[DATA TO EXAMINE — start]
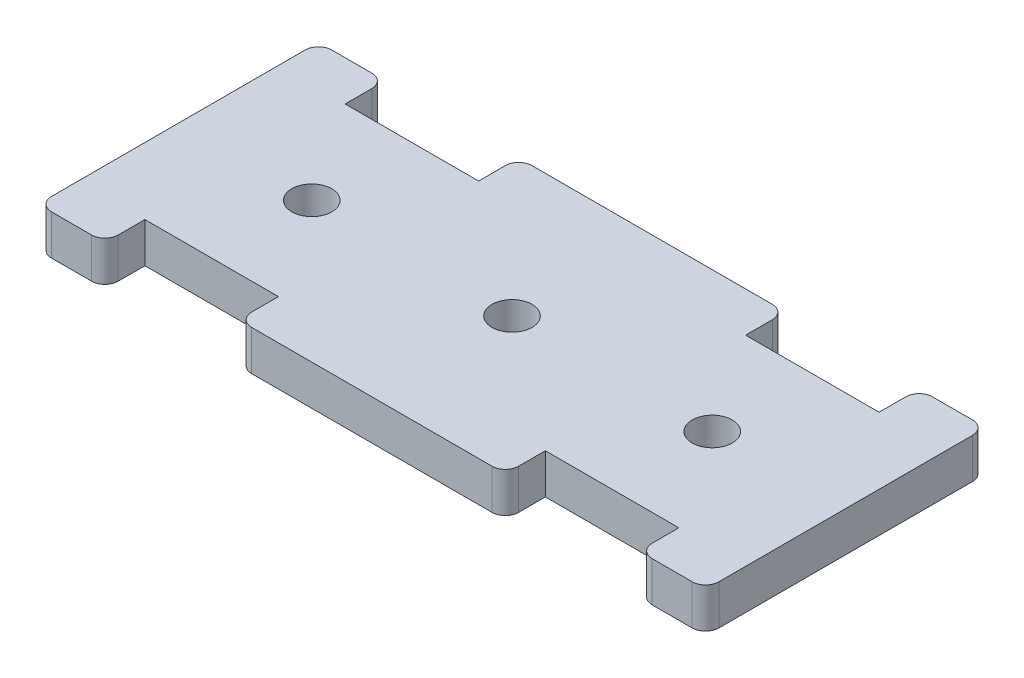
ISO-10303-21;
HEADER;
FILE_DESCRIPTION(('STEP AP214'),'2;1');
FILE_NAME('part.step','',(''),(''),'','','');
FILE_SCHEMA(('AUTOMOTIVE_DESIGN { 1 0 10303 214 1 1 1 1 }'));
ENDSEC;
DATA;
#1=APPLICATION_CONTEXT('core data for automotive mechanical design processes');
#2=APPLICATION_PROTOCOL_DEFINITION('international standard','automotive_design',2000,#1);
#3=PRODUCT_CONTEXT('',#1,'mechanical');
#4=PRODUCT('Part','Part','',(#3));
#5=PRODUCT_RELATED_PRODUCT_CATEGORY('part','',(#4));
#6=PRODUCT_DEFINITION_FORMATION('','',#4);
#7=PRODUCT_DEFINITION_CONTEXT('part definition',#1,'design');
#8=PRODUCT_DEFINITION('design','',#6,#7);
#9=PRODUCT_DEFINITION_SHAPE('','',#8);
#10=(LENGTH_UNIT() NAMED_UNIT(*) SI_UNIT(.MILLI.,.METRE.));
#11=(NAMED_UNIT(*) PLANE_ANGLE_UNIT() SI_UNIT($,.RADIAN.));
#12=(NAMED_UNIT(*) SI_UNIT($,.STERADIAN.) SOLID_ANGLE_UNIT());
#13=UNCERTAINTY_MEASURE_WITH_UNIT(LENGTH_MEASURE(1.E-05),#10,'distance_accuracy_value','');
#14=(GEOMETRIC_REPRESENTATION_CONTEXT(3) GLOBAL_UNCERTAINTY_ASSIGNED_CONTEXT((#13)) GLOBAL_UNIT_ASSIGNED_CONTEXT((#10,
#11,#12)) REPRESENTATION_CONTEXT('',''));
#15=CARTESIAN_POINT('',(0.,0.,0.));
#16=DIRECTION('',(0.,0.,1.));
#17=DIRECTION('',(1.,0.,0.));
#18=AXIS2_PLACEMENT_3D('',#15,#16,#17);
#19=CARTESIAN_POINT('',(0.,3.,0.));
#20=DIRECTION('',(0.,1.,0.));
#21=DIRECTION('',(0.,0.,1.));
#22=AXIS2_PLACEMENT_3D('',#19,#20,#21);
#23=PLANE('',#22);
#24=CARTESIAN_POINT('',(10.,3.,0.));
#25=DIRECTION('',(0.,1.,0.));
#26=DIRECTION('',(0.,0.,1.));
#27=AXIS2_PLACEMENT_3D('',#24,#25,#26);
#28=CIRCLE('',#27,1.5);
#29=CARTESIAN_POINT('',(10.,3.,1.5));
#30=VERTEX_POINT('',#29);
#31=EDGE_CURVE('E503',#30,#30,#28,.T.);
#32=ORIENTED_EDGE('',*,*,#31,.F.);
#33=EDGE_LOOP('',(#32));
#34=FACE_BOUND('',#33,.T.);
#35=DIRECTION('',(0.,0.,1.));
#36=VECTOR('',#35,1.);
#37=CARTESIAN_POINT('',(15.,3.,7.5));
#38=LINE('',#37,#36);
#39=CARTESIAN_POINT('',(15.,3.,7.5));
#40=VERTEX_POINT('',#39);
#41=CARTESIAN_POINT('',(15.,3.,9.5));
#42=VERTEX_POINT('',#41);
#43=EDGE_CURVE('E272',#40,#42,#38,.T.);
#44=ORIENTED_EDGE('',*,*,#43,.T.);
#45=CARTESIAN_POINT('',(16.,3.,9.5));
#46=DIRECTION('',(0.,1.,0.));
#47=DIRECTION('',(0.,0.,1.));
#48=AXIS2_PLACEMENT_3D('',#45,#46,#47);
#49=CIRCLE('',#48,1.);
#50=CARTESIAN_POINT('',(16.,3.,10.5));
#51=VERTEX_POINT('',#50);
#52=EDGE_CURVE('E437',#42,#51,#49,.T.);
#53=ORIENTED_EDGE('',*,*,#52,.T.);
#54=DIRECTION('',(1.,0.,0.));
#55=VECTOR('',#54,1.);
#56=CARTESIAN_POINT('',(15.,3.,10.5));
#57=LINE('',#56,#55);
#58=CARTESIAN_POINT('',(34.,3.,10.5));
#59=VERTEX_POINT('',#58);
#60=EDGE_CURVE('E274',#51,#59,#57,.T.);
#61=ORIENTED_EDGE('',*,*,#60,.T.);
#62=CARTESIAN_POINT('',(34.,3.,9.5));
#63=DIRECTION('',(0.,1.,0.));
#64=DIRECTION('',(0.,0.,1.));
#65=AXIS2_PLACEMENT_3D('',#62,#63,#64);
#66=CIRCLE('',#65,1.);
#67=CARTESIAN_POINT('',(35.,3.,9.5));
#68=VERTEX_POINT('',#67);
#69=EDGE_CURVE('E435',#59,#68,#66,.T.);
#70=ORIENTED_EDGE('',*,*,#69,.T.);
#71=DIRECTION('',(0.,0.,-1.));
#72=VECTOR('',#71,1.);
#73=CARTESIAN_POINT('',(35.,3.,10.5));
#74=LINE('',#73,#72);
#75=CARTESIAN_POINT('',(35.,3.,7.5));
#76=VERTEX_POINT('',#75);
#77=EDGE_CURVE('E280',#68,#76,#74,.T.);
#78=ORIENTED_EDGE('',*,*,#77,.T.);
#79=DIRECTION('',(1.,0.,0.));
#80=VECTOR('',#79,1.);
#81=CARTESIAN_POINT('',(35.,3.,7.5));
#82=LINE('',#81,#80);
#83=CARTESIAN_POINT('',(45.,3.,7.5));
#84=VERTEX_POINT('',#83);
#85=EDGE_CURVE('E282',#76,#84,#82,.T.);
#86=ORIENTED_EDGE('',*,*,#85,.T.);
#87=DIRECTION('',(0.,0.,1.));
#88=VECTOR('',#87,1.);
#89=CARTESIAN_POINT('',(45.,3.,7.5));
#90=LINE('',#89,#88);
#91=CARTESIAN_POINT('',(45.,3.,9.5));
#92=VERTEX_POINT('',#91);
#93=EDGE_CURVE('E284',#84,#92,#90,.T.);
#94=ORIENTED_EDGE('',*,*,#93,.T.);
#95=CARTESIAN_POINT('',(46.,3.,9.5));
#96=DIRECTION('',(0.,1.,0.));
#97=DIRECTION('',(0.,0.,1.));
#98=AXIS2_PLACEMENT_3D('',#95,#96,#97);
#99=CIRCLE('',#98,1.);
#100=CARTESIAN_POINT('',(46.,3.,10.5));
#101=VERTEX_POINT('',#100);
#102=EDGE_CURVE('E433',#92,#101,#99,.T.);
#103=ORIENTED_EDGE('',*,*,#102,.T.);
#104=DIRECTION('',(1.,0.,0.));
#105=VECTOR('',#104,1.);
#106=CARTESIAN_POINT('',(45.,3.,10.5));
#107=LINE('',#106,#105);
#108=CARTESIAN_POINT('',(49.,3.,10.5));
#109=VERTEX_POINT('',#108);
#110=EDGE_CURVE('E287',#101,#109,#107,.T.);
#111=ORIENTED_EDGE('',*,*,#110,.T.);
#112=CARTESIAN_POINT('',(49.,3.,9.5));
#113=DIRECTION('',(0.,1.,0.));
#114=DIRECTION('',(0.,0.,1.));
#115=AXIS2_PLACEMENT_3D('',#112,#113,#114);
#116=CIRCLE('',#115,1.);
#117=CARTESIAN_POINT('',(50.,3.,9.5));
#118=VERTEX_POINT('',#117);
#119=EDGE_CURVE('E431',#109,#118,#116,.T.);
#120=ORIENTED_EDGE('',*,*,#119,.T.);
#121=DIRECTION('',(0.,0.,-1.));
#122=VECTOR('',#121,1.);
#123=CARTESIAN_POINT('',(50.,3.,10.5));
#124=LINE('',#123,#122);
#125=CARTESIAN_POINT('',(50.,3.,-9.5));
#126=VERTEX_POINT('',#125);
#127=EDGE_CURVE('E290',#118,#126,#124,.T.);
#128=ORIENTED_EDGE('',*,*,#127,.T.);
#129=CARTESIAN_POINT('',(49.,3.,-9.5));
#130=DIRECTION('',(0.,1.,0.));
#131=DIRECTION('',(0.,0.,1.));
#132=AXIS2_PLACEMENT_3D('',#129,#130,#131);
#133=CIRCLE('',#132,1.);
#134=CARTESIAN_POINT('',(49.,3.,-10.5));
#135=VERTEX_POINT('',#134);
#136=EDGE_CURVE('E427',#126,#135,#133,.T.);
#137=ORIENTED_EDGE('',*,*,#136,.T.);
#138=DIRECTION('',(-1.,0.,0.));
#139=VECTOR('',#138,1.);
#140=CARTESIAN_POINT('',(45.,3.,-10.5));
#141=LINE('',#140,#139);
#142=CARTESIAN_POINT('',(46.,3.,-10.5));
#143=VERTEX_POINT('',#142);
#144=EDGE_CURVE('E293',#135,#143,#141,.T.);
#145=ORIENTED_EDGE('',*,*,#144,.T.);
#146=CARTESIAN_POINT('',(46.,3.,-9.5));
#147=DIRECTION('',(0.,1.,0.));
#148=DIRECTION('',(0.,0.,1.));
#149=AXIS2_PLACEMENT_3D('',#146,#147,#148);
#150=CIRCLE('',#149,1.);
#151=CARTESIAN_POINT('',(45.,3.,-9.5));
#152=VERTEX_POINT('',#151);
#153=EDGE_CURVE('E429',#143,#152,#150,.T.);
#154=ORIENTED_EDGE('',*,*,#153,.T.);
#155=DIRECTION('',(0.,0.,1.));
#156=VECTOR('',#155,1.);
#157=CARTESIAN_POINT('',(45.,3.,-7.5));
#158=LINE('',#157,#156);
#159=CARTESIAN_POINT('',(45.,3.,-7.5));
#160=VERTEX_POINT('',#159);
#161=EDGE_CURVE('E296',#152,#160,#158,.T.);
#162=ORIENTED_EDGE('',*,*,#161,.T.);
#163=DIRECTION('',(-1.,0.,0.));
#164=VECTOR('',#163,1.);
#165=CARTESIAN_POINT('',(35.,3.,-7.5));
#166=LINE('',#165,#164);
#167=CARTESIAN_POINT('',(35.,3.,-7.5));
#168=VERTEX_POINT('',#167);
#169=EDGE_CURVE('E298',#160,#168,#166,.T.);
#170=ORIENTED_EDGE('',*,*,#169,.T.);
#171=DIRECTION('',(0.,0.,-1.));
#172=VECTOR('',#171,1.);
#173=CARTESIAN_POINT('',(35.,3.,-10.5));
#174=LINE('',#173,#172);
#175=CARTESIAN_POINT('',(35.,3.,-9.5));
#176=VERTEX_POINT('',#175);
#177=EDGE_CURVE('E300',#168,#176,#174,.T.);
#178=ORIENTED_EDGE('',*,*,#177,.T.);
#179=CARTESIAN_POINT('',(34.,3.,-9.5));
#180=DIRECTION('',(0.,1.,0.));
#181=DIRECTION('',(0.,0.,1.));
#182=AXIS2_PLACEMENT_3D('',#179,#180,#181);
#183=CIRCLE('',#182,1.);
#184=CARTESIAN_POINT('',(34.,3.,-10.5));
#185=VERTEX_POINT('',#184);
#186=EDGE_CURVE('E425',#176,#185,#183,.T.);
#187=ORIENTED_EDGE('',*,*,#186,.T.);
#188=DIRECTION('',(-1.,0.,0.));
#189=VECTOR('',#188,1.);
#190=CARTESIAN_POINT('',(15.,3.,-10.5));
#191=LINE('',#190,#189);
#192=CARTESIAN_POINT('',(16.,3.,-10.5));
#193=VERTEX_POINT('',#192);
#194=EDGE_CURVE('E303',#185,#193,#191,.T.);
#195=ORIENTED_EDGE('',*,*,#194,.T.);
#196=CARTESIAN_POINT('',(16.,3.,-9.5));
#197=DIRECTION('',(0.,1.,0.));
#198=DIRECTION('',(0.,0.,1.));
#199=AXIS2_PLACEMENT_3D('',#196,#197,#198);
#200=CIRCLE('',#199,1.);
#201=CARTESIAN_POINT('',(15.,3.,-9.5));
#202=VERTEX_POINT('',#201);
#203=EDGE_CURVE('E423',#193,#202,#200,.T.);
#204=ORIENTED_EDGE('',*,*,#203,.T.);
#205=DIRECTION('',(0.,0.,1.));
#206=VECTOR('',#205,1.);
#207=CARTESIAN_POINT('',(15.,3.,-7.5));
#208=LINE('',#207,#206);
#209=CARTESIAN_POINT('',(15.,3.,-7.5));
#210=VERTEX_POINT('',#209);
#211=EDGE_CURVE('E306',#202,#210,#208,.T.);
#212=ORIENTED_EDGE('',*,*,#211,.T.);
#213=DIRECTION('',(-1.,0.,0.));
#214=VECTOR('',#213,1.);
#215=CARTESIAN_POINT('',(5.,3.,-7.5));
#216=LINE('',#215,#214);
#217=CARTESIAN_POINT('',(5.,3.,-7.5));
#218=VERTEX_POINT('',#217);
#219=EDGE_CURVE('E308',#210,#218,#216,.T.);
#220=ORIENTED_EDGE('',*,*,#219,.T.);
#221=DIRECTION('',(0.,0.,-1.));
#222=VECTOR('',#221,1.);
#223=CARTESIAN_POINT('',(5.,3.,-10.5));
#224=LINE('',#223,#222);
#225=CARTESIAN_POINT('',(5.,3.,-9.5));
#226=VERTEX_POINT('',#225);
#227=EDGE_CURVE('E310',#218,#226,#224,.T.);
#228=ORIENTED_EDGE('',*,*,#227,.T.);
#229=CARTESIAN_POINT('',(4.,3.,-9.5));
#230=DIRECTION('',(0.,1.,0.));
#231=DIRECTION('',(0.,0.,1.));
#232=AXIS2_PLACEMENT_3D('',#229,#230,#231);
#233=CIRCLE('',#232,1.);
#234=CARTESIAN_POINT('',(4.,3.,-10.5));
#235=VERTEX_POINT('',#234);
#236=EDGE_CURVE('E420',#226,#235,#233,.T.);
#237=ORIENTED_EDGE('',*,*,#236,.T.);
#238=DIRECTION('',(-1.,0.,0.));
#239=VECTOR('',#238,1.);
#240=CARTESIAN_POINT('',(0.,3.,-10.5));
#241=LINE('',#240,#239);
#242=CARTESIAN_POINT('',(1.,3.,-10.5));
#243=VERTEX_POINT('',#242);
#244=EDGE_CURVE('E313',#235,#243,#241,.T.);
#245=ORIENTED_EDGE('',*,*,#244,.T.);
#246=CARTESIAN_POINT('',(1.,3.,-9.5));
#247=DIRECTION('',(0.,1.,0.));
#248=DIRECTION('',(0.,0.,1.));
#249=AXIS2_PLACEMENT_3D('',#246,#247,#248);
#250=CIRCLE('',#249,1.);
#251=CARTESIAN_POINT('',(0.,3.,-9.5));
#252=VERTEX_POINT('',#251);
#253=EDGE_CURVE('E58',#243,#252,#250,.T.);
#254=ORIENTED_EDGE('',*,*,#253,.T.);
#255=DIRECTION('',(0.,0.,1.));
#256=VECTOR('',#255,1.);
#257=CARTESIAN_POINT('',(0.,3.,-10.5));
#258=LINE('',#257,#256);
#259=CARTESIAN_POINT('',(0.,3.,9.5));
#260=VERTEX_POINT('',#259);
#261=EDGE_CURVE('E315',#252,#260,#258,.T.);
#262=ORIENTED_EDGE('',*,*,#261,.T.);
#263=CARTESIAN_POINT('',(1.,3.,9.5));
#264=DIRECTION('',(0.,1.,0.));
#265=DIRECTION('',(0.,0.,1.));
#266=AXIS2_PLACEMENT_3D('',#263,#264,#265);
#267=CIRCLE('',#266,1.);
#268=CARTESIAN_POINT('',(1.,3.,10.5));
#269=VERTEX_POINT('',#268);
#270=EDGE_CURVE('E418',#260,#269,#267,.T.);
#271=ORIENTED_EDGE('',*,*,#270,.T.);
#272=DIRECTION('',(1.,0.,0.));
#273=VECTOR('',#272,1.);
#274=CARTESIAN_POINT('',(0.,3.,10.5));
#275=LINE('',#274,#273);
#276=CARTESIAN_POINT('',(4.,3.,10.5));
#277=VERTEX_POINT('',#276);
#278=EDGE_CURVE('E257',#269,#277,#275,.T.);
#279=ORIENTED_EDGE('',*,*,#278,.T.);
#280=CARTESIAN_POINT('',(4.,3.,9.5));
#281=DIRECTION('',(0.,1.,0.));
#282=DIRECTION('',(0.,0.,1.));
#283=AXIS2_PLACEMENT_3D('',#280,#281,#282);
#284=CIRCLE('',#283,1.);
#285=CARTESIAN_POINT('',(5.,3.,9.5));
#286=VERTEX_POINT('',#285);
#287=EDGE_CURVE('E254',#277,#286,#284,.T.);
#288=ORIENTED_EDGE('',*,*,#287,.T.);
#289=DIRECTION('',(0.,0.,-1.));
#290=VECTOR('',#289,1.);
#291=CARTESIAN_POINT('',(5.,3.,10.5));
#292=LINE('',#291,#290);
#293=CARTESIAN_POINT('',(5.,3.,7.5));
#294=VERTEX_POINT('',#293);
#295=EDGE_CURVE('E245',#286,#294,#292,.T.);
#296=ORIENTED_EDGE('',*,*,#295,.T.);
#297=DIRECTION('',(1.,0.,0.));
#298=VECTOR('',#297,1.);
#299=CARTESIAN_POINT('',(5.,3.,7.5));
#300=LINE('',#299,#298);
#301=EDGE_CURVE('E250',#294,#40,#300,.T.);
#302=ORIENTED_EDGE('',*,*,#301,.T.);
#303=EDGE_LOOP('',(#44,#53,#61,#70,#78,#86,#94,#103,#111,#120,#128,#137,#145,#154,#162,#170,
#178,#187,#195,#204,#212,#220,#228,#237,#245,#254,#262,#271,#279,#288,#296,#302));
#304=FACE_BOUND('',#303,.T.);
#305=CARTESIAN_POINT('',(40.,3.,0.));
#306=DIRECTION('',(0.,1.,0.));
#307=DIRECTION('',(0.,0.,1.));
#308=AXIS2_PLACEMENT_3D('',#305,#306,#307);
#309=CIRCLE('',#308,1.5);
#310=CARTESIAN_POINT('',(40.,3.,1.5));
#311=VERTEX_POINT('',#310);
#312=EDGE_CURVE('E321',#311,#311,#309,.T.);
#313=ORIENTED_EDGE('',*,*,#312,.F.);
#314=EDGE_LOOP('',(#313));
#315=FACE_BOUND('',#314,.T.);
#316=CARTESIAN_POINT('',(25.,3.,0.));
#317=DIRECTION('',(0.,1.,0.));
#318=DIRECTION('',(0.,0.,1.));
#319=AXIS2_PLACEMENT_3D('',#316,#317,#318);
#320=CIRCLE('',#319,1.5);
#321=CARTESIAN_POINT('',(25.,3.,1.5));
#322=VERTEX_POINT('',#321);
#323=EDGE_CURVE('E509',#322,#322,#320,.T.);
#324=ORIENTED_EDGE('',*,*,#323,.F.);
#325=EDGE_LOOP('',(#324));
#326=FACE_BOUND('',#325,.T.);
#327=ADVANCED_FACE('F36',(#34,#304,#315,#326),#23,.T.);
#328=CARTESIAN_POINT('',(0.,0.,0.));
#329=DIRECTION('',(0.,1.,0.));
#330=DIRECTION('',(0.,0.,1.));
#331=AXIS2_PLACEMENT_3D('',#328,#329,#330);
#332=PLANE('',#331);
#333=DIRECTION('',(1.,0.,0.));
#334=VECTOR('',#333,1.);
#335=CARTESIAN_POINT('',(15.,0.,10.5));
#336=LINE('',#335,#334);
#337=CARTESIAN_POINT('',(16.,0.,10.5));
#338=VERTEX_POINT('',#337);
#339=CARTESIAN_POINT('',(34.,0.,10.5));
#340=VERTEX_POINT('',#339);
#341=EDGE_CURVE('E328',#338,#340,#336,.T.);
#342=ORIENTED_EDGE('',*,*,#341,.F.);
#343=CARTESIAN_POINT('',(16.,0.,9.5));
#344=DIRECTION('',(0.,1.,0.));
#345=DIRECTION('',(0.,0.,1.));
#346=AXIS2_PLACEMENT_3D('',#343,#344,#345);
#347=CIRCLE('',#346,1.);
#348=CARTESIAN_POINT('',(15.,0.,9.5));
#349=VERTEX_POINT('',#348);
#350=EDGE_CURVE('E413',#338,#349,#347,.F.);
#351=ORIENTED_EDGE('',*,*,#350,.T.);
#352=DIRECTION('',(0.,0.,1.));
#353=VECTOR('',#352,1.);
#354=CARTESIAN_POINT('',(15.,0.,7.5));
#355=LINE('',#354,#353);
#356=CARTESIAN_POINT('',(15.,0.,7.5));
#357=VERTEX_POINT('',#356);
#358=EDGE_CURVE('E325',#357,#349,#355,.T.);
#359=ORIENTED_EDGE('',*,*,#358,.F.);
#360=DIRECTION('',(1.,0.,0.));
#361=VECTOR('',#360,1.);
#362=CARTESIAN_POINT('',(5.,0.,7.5));
#363=LINE('',#362,#361);
#364=CARTESIAN_POINT('',(5.,0.,7.5));
#365=VERTEX_POINT('',#364);
#366=EDGE_CURVE('E323',#365,#357,#363,.T.);
#367=ORIENTED_EDGE('',*,*,#366,.F.);
#368=DIRECTION('',(0.,0.,-1.));
#369=VECTOR('',#368,1.);
#370=CARTESIAN_POINT('',(5.,0.,10.5));
#371=LINE('',#370,#369);
#372=CARTESIAN_POINT('',(5.,0.,9.5));
#373=VERTEX_POINT('',#372);
#374=EDGE_CURVE('E263',#373,#365,#371,.T.);
#375=ORIENTED_EDGE('',*,*,#374,.F.);
#376=CARTESIAN_POINT('',(4.,0.,9.5));
#377=DIRECTION('',(0.,1.,0.));
#378=DIRECTION('',(0.,0.,1.));
#379=AXIS2_PLACEMENT_3D('',#376,#377,#378);
#380=CIRCLE('',#379,1.);
#381=CARTESIAN_POINT('',(4.,0.,10.5));
#382=VERTEX_POINT('',#381);
#383=EDGE_CURVE('E391',#373,#382,#380,.F.);
#384=ORIENTED_EDGE('',*,*,#383,.T.);
#385=DIRECTION('',(1.,0.,0.));
#386=VECTOR('',#385,1.);
#387=CARTESIAN_POINT('',(0.,0.,10.5));
#388=LINE('',#387,#386);
#389=CARTESIAN_POINT('',(1.,0.,10.5));
#390=VERTEX_POINT('',#389);
#391=EDGE_CURVE('E318',#390,#382,#388,.T.);
#392=ORIENTED_EDGE('',*,*,#391,.F.);
#393=CARTESIAN_POINT('',(1.,0.,9.5));
#394=DIRECTION('',(0.,1.,0.));
#395=DIRECTION('',(0.,0.,1.));
#396=AXIS2_PLACEMENT_3D('',#393,#394,#395);
#397=CIRCLE('',#396,1.);
#398=CARTESIAN_POINT('',(0.,0.,9.5));
#399=VERTEX_POINT('',#398);
#400=EDGE_CURVE('E393',#390,#399,#397,.F.);
#401=ORIENTED_EDGE('',*,*,#400,.T.);
#402=DIRECTION('',(0.,0.,1.));
#403=VECTOR('',#402,1.);
#404=CARTESIAN_POINT('',(0.,0.,-10.5));
#405=LINE('',#404,#403);
#406=CARTESIAN_POINT('',(0.,0.,-9.5));
#407=VERTEX_POINT('',#406);
#408=EDGE_CURVE('E367',#407,#399,#405,.T.);
#409=ORIENTED_EDGE('',*,*,#408,.F.);
#410=CARTESIAN_POINT('',(1.,0.,-9.5));
#411=DIRECTION('',(0.,1.,0.));
#412=DIRECTION('',(0.,0.,1.));
#413=AXIS2_PLACEMENT_3D('',#410,#411,#412);
#414=CIRCLE('',#413,1.);
#415=CARTESIAN_POINT('',(1.,0.,-10.5));
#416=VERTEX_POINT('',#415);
[DATA TO EXAMINE — finish]
• _WORK INSTRUCTIONS_
Nothing before the line holding "#410=CARTESIAN_POINT('',(1.,0.,-9.5));" belongs in the answer. Repeat that line and the rest of the listing exactly.

• _OUTPUT FOR THIS EXERCISE_
#410=CARTESIAN_POINT('',(1.,0.,-9.5));
#411=DIRECTION('',(0.,1.,0.));
#412=DIRECTION('',(0.,0.,1.));
#413=AXIS2_PLACEMENT_3D('',#410,#411,#412);
#414=CIRCLE('',#413,1.);
#415=CARTESIAN_POINT('',(1.,0.,-10.5));
#416=VERTEX_POINT('',#415);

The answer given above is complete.